# Source information
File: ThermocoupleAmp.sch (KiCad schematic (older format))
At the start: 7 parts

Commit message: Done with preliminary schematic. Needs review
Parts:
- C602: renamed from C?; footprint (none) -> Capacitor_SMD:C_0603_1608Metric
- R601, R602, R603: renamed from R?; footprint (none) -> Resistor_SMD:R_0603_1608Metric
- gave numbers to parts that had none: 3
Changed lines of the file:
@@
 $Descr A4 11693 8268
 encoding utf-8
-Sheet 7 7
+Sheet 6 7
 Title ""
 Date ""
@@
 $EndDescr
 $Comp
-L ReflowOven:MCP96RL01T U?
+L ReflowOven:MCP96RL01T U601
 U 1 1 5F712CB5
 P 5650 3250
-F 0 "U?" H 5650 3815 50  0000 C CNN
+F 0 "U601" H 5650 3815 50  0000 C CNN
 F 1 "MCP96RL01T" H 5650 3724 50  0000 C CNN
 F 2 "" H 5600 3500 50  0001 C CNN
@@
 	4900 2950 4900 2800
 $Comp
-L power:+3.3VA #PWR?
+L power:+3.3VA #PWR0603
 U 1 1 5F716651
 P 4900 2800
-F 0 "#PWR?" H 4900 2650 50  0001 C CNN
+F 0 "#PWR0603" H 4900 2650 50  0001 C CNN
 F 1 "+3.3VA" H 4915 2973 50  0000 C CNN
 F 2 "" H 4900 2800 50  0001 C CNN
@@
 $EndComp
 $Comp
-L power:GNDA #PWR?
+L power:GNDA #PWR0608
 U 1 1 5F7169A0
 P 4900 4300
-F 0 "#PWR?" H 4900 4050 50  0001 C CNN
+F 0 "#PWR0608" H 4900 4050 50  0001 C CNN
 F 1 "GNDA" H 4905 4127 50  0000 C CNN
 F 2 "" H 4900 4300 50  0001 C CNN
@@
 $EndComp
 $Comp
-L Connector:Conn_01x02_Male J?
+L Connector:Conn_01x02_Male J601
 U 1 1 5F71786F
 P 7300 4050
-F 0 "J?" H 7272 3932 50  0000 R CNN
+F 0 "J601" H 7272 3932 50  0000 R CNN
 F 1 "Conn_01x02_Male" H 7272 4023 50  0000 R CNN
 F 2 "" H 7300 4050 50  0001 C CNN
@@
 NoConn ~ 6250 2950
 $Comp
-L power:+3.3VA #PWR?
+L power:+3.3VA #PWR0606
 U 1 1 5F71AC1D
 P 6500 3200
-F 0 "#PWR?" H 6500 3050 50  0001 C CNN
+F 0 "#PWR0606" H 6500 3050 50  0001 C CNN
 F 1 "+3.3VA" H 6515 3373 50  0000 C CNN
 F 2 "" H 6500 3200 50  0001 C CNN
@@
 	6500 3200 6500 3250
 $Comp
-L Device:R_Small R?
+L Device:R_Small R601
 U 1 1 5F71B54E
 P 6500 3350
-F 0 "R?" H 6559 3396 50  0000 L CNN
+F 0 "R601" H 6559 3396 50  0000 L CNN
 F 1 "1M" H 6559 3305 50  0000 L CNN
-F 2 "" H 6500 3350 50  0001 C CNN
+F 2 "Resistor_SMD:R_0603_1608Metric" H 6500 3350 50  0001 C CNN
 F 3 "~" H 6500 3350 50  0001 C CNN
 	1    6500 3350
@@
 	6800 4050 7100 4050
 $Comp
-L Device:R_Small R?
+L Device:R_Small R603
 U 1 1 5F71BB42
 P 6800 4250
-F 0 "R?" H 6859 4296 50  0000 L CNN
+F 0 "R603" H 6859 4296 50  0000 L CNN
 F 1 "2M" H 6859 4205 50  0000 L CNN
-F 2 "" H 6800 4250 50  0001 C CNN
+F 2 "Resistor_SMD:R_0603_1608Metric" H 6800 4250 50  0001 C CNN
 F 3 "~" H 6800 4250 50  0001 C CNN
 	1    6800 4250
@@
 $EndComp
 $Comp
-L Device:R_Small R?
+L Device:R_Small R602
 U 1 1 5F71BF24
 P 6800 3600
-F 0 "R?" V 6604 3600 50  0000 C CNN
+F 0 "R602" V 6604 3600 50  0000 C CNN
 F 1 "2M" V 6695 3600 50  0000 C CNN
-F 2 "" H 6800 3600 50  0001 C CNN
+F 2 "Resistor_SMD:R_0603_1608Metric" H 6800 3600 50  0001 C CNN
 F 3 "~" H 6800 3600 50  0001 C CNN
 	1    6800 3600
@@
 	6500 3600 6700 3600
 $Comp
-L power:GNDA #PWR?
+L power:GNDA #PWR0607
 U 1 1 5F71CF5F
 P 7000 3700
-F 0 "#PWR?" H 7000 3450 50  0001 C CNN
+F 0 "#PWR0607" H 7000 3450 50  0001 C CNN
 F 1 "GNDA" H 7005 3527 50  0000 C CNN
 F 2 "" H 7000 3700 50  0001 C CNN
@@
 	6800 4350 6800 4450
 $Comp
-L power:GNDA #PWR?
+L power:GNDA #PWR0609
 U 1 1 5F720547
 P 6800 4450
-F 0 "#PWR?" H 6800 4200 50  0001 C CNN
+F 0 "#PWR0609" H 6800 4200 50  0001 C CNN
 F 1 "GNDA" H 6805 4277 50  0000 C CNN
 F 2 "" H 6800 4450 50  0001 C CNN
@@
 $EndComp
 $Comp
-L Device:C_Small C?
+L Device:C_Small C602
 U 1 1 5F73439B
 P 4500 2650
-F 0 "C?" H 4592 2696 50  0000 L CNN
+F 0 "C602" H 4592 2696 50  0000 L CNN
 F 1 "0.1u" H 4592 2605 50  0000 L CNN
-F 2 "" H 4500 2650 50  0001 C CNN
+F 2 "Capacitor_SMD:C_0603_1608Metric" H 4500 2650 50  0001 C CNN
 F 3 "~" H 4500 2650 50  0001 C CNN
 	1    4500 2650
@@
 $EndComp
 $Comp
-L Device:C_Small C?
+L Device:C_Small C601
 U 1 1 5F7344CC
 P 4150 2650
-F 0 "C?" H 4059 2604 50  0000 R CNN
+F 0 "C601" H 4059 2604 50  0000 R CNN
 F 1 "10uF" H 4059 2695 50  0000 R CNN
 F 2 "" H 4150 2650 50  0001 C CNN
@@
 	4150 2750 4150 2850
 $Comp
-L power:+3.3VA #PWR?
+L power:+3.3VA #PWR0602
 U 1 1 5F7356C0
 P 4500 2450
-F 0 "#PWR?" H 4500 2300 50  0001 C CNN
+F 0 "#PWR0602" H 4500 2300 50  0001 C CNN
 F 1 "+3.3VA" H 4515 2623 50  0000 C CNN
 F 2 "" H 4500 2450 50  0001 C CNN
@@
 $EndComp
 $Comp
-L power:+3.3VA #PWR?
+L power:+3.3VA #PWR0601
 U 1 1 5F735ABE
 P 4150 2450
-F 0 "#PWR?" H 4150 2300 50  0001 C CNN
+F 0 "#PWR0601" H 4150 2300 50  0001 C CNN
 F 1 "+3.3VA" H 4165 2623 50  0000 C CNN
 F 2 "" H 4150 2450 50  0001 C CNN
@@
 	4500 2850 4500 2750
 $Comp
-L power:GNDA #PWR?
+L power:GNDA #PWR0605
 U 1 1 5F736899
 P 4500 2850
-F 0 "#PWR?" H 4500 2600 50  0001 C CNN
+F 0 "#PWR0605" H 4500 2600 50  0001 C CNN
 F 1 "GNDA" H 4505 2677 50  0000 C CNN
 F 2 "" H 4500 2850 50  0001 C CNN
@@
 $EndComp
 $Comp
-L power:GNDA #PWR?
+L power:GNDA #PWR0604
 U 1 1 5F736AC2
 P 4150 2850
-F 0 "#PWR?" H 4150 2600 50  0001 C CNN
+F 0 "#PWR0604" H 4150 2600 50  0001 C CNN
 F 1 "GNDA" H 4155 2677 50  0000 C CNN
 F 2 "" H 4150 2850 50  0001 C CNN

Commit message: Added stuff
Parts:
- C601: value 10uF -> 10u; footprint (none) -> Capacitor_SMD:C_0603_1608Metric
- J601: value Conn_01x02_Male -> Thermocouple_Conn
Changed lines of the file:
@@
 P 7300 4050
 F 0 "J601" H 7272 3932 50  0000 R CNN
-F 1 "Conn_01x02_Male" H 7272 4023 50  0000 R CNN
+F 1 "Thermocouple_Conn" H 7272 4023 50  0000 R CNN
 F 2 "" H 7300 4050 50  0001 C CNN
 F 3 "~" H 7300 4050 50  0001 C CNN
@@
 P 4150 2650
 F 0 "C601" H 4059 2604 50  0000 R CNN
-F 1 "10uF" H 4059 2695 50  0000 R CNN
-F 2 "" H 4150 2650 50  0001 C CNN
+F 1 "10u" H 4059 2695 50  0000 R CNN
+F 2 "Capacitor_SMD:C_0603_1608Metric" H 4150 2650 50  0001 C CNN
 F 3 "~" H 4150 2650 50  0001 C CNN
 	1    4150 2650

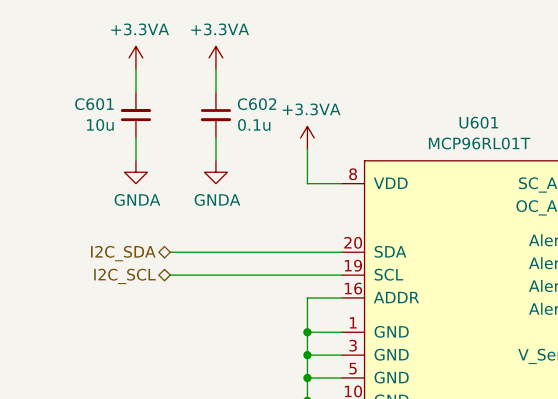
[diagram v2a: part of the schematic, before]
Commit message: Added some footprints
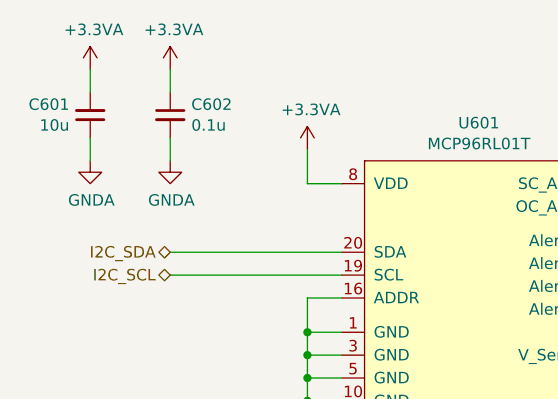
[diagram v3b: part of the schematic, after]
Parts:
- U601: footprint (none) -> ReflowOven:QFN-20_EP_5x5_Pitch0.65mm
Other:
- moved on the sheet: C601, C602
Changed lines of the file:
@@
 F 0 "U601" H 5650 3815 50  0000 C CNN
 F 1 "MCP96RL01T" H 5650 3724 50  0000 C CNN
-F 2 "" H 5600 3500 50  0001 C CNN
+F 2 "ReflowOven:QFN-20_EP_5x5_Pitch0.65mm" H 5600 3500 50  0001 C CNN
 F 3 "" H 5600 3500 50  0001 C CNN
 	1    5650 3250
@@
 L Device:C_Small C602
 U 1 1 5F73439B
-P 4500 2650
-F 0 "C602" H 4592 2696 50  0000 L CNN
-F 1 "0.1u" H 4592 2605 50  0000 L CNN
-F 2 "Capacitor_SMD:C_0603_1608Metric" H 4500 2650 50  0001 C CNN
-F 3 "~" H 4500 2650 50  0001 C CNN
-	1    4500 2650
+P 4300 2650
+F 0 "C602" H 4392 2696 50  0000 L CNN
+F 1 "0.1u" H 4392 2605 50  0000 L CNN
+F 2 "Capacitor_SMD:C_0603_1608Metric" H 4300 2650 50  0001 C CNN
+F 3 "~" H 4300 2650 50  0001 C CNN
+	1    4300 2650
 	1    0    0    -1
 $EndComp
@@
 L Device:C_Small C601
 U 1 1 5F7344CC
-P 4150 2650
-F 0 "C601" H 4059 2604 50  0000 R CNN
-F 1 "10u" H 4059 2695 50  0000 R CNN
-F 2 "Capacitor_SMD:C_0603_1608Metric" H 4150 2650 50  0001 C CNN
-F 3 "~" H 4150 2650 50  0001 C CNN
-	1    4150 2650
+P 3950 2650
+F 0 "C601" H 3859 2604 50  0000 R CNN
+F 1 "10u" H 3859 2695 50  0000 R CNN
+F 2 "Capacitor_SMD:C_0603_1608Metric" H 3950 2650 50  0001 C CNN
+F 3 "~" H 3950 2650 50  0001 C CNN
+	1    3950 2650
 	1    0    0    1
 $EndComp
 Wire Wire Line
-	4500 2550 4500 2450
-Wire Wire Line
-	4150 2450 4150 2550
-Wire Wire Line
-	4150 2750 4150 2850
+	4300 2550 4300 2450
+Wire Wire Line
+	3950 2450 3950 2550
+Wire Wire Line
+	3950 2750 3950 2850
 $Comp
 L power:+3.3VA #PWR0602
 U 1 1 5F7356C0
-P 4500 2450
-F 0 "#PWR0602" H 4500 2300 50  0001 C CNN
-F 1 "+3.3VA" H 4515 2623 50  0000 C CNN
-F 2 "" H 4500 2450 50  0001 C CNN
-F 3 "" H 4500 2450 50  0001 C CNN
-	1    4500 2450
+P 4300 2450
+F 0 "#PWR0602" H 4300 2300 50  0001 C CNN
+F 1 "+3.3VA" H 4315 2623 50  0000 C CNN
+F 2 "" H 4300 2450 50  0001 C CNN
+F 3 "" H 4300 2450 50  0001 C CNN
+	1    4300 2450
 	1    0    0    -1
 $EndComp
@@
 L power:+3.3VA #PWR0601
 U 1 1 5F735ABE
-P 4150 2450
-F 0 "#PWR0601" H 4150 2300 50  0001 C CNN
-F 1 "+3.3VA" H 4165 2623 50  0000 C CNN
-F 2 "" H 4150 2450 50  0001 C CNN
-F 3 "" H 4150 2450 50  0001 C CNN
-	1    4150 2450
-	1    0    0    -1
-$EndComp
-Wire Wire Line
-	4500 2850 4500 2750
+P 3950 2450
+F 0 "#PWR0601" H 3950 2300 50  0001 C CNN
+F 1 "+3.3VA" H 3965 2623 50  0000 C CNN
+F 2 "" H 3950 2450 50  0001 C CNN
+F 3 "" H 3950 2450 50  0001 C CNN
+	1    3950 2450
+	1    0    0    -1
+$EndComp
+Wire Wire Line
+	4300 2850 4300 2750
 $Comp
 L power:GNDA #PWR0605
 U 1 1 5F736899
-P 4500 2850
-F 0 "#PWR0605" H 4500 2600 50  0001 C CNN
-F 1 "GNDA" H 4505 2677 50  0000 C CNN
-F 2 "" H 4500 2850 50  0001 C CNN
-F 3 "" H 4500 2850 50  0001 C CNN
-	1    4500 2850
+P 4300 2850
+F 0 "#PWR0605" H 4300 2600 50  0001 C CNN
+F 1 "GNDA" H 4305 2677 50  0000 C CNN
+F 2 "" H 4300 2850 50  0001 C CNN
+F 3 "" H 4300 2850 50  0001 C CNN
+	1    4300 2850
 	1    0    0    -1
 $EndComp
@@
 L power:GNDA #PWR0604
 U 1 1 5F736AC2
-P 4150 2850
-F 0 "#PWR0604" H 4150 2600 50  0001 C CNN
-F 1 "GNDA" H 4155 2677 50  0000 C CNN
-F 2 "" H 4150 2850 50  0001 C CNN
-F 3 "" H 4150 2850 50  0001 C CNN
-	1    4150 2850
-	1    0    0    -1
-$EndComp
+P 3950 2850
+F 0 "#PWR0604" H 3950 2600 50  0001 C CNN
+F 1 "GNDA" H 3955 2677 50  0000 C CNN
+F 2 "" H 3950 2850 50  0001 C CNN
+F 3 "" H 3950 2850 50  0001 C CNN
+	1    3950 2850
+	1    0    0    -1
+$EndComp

# Required action
Copy each line above containing the string "from".

# Written response
- C602: renamed from C?; footprint (none) -> Capacitor_SMD:C_0603_1608Metric
- R601, R602, R603: renamed from R?; footprint (none) -> Resistor_SMD:R_0603_1608Metric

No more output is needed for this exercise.